Worksheet 4: Physician agency

Denote the quantity of care consumed by $x$ , and denote by $B (x)$ the function that determinesthe benefit of care to the patient. Assume that the patient must pay the full price of care, $p x$ , so that their net benefit is $N B = B (x) - p x$ .

Question 1:

Find the patient’s optimal $x$ .

The patient just wants to maximize their net benefit, $B (x) - p x$ . Taking the derivative and setting to 0, this means $B^{'} (x) = p$ (i.e., marginal benefit to the patient is equal to the patient’s marginal cost).

Question 2:

Draw the marginal benefit on a graph and note the price and patient’s optimal quantity.

Question 3:

Find the physician’s optimal $x$ assuming $N B^{0} = 0$ .

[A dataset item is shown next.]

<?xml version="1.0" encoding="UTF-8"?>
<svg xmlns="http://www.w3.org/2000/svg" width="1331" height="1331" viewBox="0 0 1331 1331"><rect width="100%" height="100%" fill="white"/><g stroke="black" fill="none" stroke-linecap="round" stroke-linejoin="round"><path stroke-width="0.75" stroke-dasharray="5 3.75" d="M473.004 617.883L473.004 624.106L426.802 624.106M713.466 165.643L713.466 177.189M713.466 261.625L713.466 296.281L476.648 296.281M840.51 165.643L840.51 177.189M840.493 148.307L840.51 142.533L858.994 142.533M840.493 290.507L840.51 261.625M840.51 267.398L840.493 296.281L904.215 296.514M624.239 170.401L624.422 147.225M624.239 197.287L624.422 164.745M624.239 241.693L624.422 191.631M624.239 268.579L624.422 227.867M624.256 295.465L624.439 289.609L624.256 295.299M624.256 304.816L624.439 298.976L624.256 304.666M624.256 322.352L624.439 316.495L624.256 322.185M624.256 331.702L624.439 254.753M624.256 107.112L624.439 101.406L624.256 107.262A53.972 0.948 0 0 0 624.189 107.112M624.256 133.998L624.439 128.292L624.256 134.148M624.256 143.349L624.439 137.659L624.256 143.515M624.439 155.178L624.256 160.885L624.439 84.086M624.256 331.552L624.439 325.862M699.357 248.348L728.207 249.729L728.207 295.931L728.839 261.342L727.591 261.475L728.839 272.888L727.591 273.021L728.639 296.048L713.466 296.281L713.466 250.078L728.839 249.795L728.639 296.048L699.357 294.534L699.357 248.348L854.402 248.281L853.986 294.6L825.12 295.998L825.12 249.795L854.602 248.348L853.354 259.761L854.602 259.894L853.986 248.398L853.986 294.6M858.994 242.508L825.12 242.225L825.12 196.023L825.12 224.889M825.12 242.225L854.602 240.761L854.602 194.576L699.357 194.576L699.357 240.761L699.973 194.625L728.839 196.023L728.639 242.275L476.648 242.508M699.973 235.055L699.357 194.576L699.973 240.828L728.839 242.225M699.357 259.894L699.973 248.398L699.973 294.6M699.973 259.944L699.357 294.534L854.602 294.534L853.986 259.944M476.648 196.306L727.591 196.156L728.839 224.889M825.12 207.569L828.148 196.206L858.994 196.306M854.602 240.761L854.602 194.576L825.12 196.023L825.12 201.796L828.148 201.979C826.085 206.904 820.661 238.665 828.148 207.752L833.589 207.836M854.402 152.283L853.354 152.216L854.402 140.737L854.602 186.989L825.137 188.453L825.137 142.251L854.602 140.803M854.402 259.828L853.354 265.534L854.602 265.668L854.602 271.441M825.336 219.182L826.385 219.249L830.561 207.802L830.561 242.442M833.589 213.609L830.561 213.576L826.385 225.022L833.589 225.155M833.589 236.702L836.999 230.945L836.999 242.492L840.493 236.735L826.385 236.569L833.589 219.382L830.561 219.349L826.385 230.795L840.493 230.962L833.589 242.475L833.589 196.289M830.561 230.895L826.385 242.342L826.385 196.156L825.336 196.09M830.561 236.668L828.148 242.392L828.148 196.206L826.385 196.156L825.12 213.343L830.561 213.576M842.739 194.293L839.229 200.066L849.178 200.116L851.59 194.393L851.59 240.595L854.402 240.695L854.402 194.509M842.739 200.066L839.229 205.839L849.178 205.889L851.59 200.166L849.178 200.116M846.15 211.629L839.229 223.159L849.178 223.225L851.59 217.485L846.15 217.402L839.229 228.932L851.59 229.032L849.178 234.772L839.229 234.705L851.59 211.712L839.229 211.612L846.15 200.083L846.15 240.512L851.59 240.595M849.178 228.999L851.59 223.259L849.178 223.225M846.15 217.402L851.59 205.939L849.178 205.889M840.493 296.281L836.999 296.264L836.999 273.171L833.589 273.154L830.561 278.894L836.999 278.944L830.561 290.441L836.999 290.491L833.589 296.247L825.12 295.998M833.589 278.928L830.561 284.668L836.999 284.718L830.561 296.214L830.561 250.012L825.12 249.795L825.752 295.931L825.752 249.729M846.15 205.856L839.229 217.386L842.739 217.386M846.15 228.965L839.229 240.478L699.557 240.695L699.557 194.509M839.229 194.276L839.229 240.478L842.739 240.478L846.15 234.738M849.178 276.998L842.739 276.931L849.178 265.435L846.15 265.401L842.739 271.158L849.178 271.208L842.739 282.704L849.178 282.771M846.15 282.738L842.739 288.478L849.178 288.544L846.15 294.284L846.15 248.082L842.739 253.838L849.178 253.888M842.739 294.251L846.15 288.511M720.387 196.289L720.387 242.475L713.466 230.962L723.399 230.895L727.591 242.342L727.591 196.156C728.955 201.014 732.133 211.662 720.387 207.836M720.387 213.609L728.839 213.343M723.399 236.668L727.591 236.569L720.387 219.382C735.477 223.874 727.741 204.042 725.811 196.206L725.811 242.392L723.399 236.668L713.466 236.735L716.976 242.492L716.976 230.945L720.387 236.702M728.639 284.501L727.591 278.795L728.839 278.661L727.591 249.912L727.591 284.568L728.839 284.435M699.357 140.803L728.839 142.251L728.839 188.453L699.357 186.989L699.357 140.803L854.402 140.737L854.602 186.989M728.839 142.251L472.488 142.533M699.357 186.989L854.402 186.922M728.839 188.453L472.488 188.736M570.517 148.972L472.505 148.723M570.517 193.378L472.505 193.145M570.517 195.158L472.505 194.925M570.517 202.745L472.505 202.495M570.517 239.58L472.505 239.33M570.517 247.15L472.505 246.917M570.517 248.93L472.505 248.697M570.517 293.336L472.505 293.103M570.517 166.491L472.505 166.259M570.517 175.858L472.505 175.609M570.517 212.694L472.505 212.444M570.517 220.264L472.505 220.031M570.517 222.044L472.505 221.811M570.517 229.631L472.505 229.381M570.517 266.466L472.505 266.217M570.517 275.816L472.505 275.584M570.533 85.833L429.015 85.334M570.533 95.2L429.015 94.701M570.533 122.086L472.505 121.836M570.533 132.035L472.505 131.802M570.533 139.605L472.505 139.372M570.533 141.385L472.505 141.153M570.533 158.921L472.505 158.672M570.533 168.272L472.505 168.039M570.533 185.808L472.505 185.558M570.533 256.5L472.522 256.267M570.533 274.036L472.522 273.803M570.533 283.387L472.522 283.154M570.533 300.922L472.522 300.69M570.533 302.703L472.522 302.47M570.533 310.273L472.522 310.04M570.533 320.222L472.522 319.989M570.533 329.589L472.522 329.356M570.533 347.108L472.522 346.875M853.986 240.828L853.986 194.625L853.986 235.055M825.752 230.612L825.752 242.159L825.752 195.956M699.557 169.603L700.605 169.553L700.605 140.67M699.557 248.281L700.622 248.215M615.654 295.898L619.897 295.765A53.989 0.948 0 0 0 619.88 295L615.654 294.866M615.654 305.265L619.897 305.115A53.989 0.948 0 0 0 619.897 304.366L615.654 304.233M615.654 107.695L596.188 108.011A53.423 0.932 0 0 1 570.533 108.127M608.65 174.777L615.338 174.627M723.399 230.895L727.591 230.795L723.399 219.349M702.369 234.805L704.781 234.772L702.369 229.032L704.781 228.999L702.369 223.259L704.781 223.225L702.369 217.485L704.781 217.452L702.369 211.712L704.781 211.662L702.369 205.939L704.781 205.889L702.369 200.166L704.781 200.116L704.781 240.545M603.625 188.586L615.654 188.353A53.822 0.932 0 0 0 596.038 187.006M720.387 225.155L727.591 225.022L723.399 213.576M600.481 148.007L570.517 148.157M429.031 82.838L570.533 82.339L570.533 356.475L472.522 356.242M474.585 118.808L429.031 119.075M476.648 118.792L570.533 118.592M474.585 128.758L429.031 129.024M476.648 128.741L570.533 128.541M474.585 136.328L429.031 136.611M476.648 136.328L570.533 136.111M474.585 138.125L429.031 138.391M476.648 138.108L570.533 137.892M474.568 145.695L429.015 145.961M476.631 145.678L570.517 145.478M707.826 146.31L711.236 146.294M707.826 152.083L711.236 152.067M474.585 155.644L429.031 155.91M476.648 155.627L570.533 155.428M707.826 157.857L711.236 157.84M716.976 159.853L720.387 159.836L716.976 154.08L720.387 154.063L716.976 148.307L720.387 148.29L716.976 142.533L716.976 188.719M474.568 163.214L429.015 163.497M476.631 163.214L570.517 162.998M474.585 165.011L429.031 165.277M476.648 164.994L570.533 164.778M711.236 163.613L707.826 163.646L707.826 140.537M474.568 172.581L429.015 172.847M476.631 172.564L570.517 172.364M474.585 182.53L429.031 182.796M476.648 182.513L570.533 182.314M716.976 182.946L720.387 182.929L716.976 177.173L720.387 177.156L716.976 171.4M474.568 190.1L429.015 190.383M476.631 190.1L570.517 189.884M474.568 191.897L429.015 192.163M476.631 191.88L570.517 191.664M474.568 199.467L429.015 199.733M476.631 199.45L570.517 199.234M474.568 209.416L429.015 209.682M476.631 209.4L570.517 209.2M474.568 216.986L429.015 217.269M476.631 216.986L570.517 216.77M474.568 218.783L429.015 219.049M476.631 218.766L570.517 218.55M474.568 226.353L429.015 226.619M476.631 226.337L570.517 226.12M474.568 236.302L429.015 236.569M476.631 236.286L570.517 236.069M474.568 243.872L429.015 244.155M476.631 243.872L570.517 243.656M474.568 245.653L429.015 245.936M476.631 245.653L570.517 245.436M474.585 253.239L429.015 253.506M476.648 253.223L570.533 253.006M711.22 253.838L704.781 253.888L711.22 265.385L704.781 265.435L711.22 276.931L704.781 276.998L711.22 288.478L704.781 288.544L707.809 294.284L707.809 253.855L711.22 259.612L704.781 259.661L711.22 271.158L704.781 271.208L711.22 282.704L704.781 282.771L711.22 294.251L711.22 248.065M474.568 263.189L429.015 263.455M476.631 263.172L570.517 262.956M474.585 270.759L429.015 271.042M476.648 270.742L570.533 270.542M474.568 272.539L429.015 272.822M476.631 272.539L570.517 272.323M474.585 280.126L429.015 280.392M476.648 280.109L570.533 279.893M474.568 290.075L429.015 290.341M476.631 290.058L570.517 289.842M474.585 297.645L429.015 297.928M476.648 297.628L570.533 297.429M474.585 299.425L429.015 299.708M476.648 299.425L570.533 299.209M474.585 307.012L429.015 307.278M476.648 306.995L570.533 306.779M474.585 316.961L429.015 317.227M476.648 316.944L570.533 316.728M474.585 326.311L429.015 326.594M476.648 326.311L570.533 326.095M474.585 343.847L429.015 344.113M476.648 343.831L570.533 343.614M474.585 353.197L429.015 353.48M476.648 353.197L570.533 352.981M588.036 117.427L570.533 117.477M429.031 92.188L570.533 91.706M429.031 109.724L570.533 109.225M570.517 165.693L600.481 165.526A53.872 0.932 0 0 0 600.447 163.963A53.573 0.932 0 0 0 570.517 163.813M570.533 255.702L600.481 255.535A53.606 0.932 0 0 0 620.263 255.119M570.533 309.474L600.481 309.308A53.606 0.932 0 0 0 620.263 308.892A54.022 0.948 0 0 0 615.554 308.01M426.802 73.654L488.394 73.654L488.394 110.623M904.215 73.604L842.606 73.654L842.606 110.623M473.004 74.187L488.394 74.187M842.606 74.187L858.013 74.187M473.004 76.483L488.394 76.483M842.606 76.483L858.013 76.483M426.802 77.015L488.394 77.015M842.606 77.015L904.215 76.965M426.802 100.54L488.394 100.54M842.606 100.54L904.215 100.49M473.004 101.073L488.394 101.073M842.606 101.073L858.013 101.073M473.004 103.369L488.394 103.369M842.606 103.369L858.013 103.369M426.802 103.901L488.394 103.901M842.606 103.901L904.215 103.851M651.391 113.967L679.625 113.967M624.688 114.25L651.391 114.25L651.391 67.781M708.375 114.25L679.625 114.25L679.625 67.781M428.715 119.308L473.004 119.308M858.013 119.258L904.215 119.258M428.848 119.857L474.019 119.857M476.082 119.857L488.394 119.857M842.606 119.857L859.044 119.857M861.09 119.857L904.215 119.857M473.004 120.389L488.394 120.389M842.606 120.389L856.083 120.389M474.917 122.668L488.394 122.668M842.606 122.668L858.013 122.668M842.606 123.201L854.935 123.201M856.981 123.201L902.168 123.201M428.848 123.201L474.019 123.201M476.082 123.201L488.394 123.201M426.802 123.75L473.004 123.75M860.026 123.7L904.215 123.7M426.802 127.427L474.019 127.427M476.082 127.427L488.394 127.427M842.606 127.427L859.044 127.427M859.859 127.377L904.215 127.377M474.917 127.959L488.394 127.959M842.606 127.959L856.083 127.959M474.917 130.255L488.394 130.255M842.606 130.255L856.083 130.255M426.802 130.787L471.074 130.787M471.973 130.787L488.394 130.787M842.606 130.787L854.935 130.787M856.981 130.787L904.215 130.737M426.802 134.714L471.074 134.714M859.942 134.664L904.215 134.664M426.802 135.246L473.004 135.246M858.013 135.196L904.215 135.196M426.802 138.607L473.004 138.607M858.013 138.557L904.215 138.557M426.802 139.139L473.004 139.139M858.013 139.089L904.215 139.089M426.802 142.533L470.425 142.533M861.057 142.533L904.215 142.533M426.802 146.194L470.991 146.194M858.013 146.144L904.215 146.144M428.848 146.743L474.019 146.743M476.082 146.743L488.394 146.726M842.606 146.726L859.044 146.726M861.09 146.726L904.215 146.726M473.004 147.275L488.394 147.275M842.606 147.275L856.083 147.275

The physician is profit maximizing, subject to the constraint that $N B^{0} = B (x) - p x = 0$ . Plugging this constraint into the profit function yields, $π = B (x) - N B^{0} - c x = B (x) - c x$ . Taking the derivative and setting it to 0 yields the expression, $B^{'} (x) = c$ . So the physician also set’s marginal benefit equal to marginal cost…they just focus on their own marginal cost instead of the marginal cost to the patient.

Question 4:

Add the physician’s optimal $x$ to your graph and interpret the difference.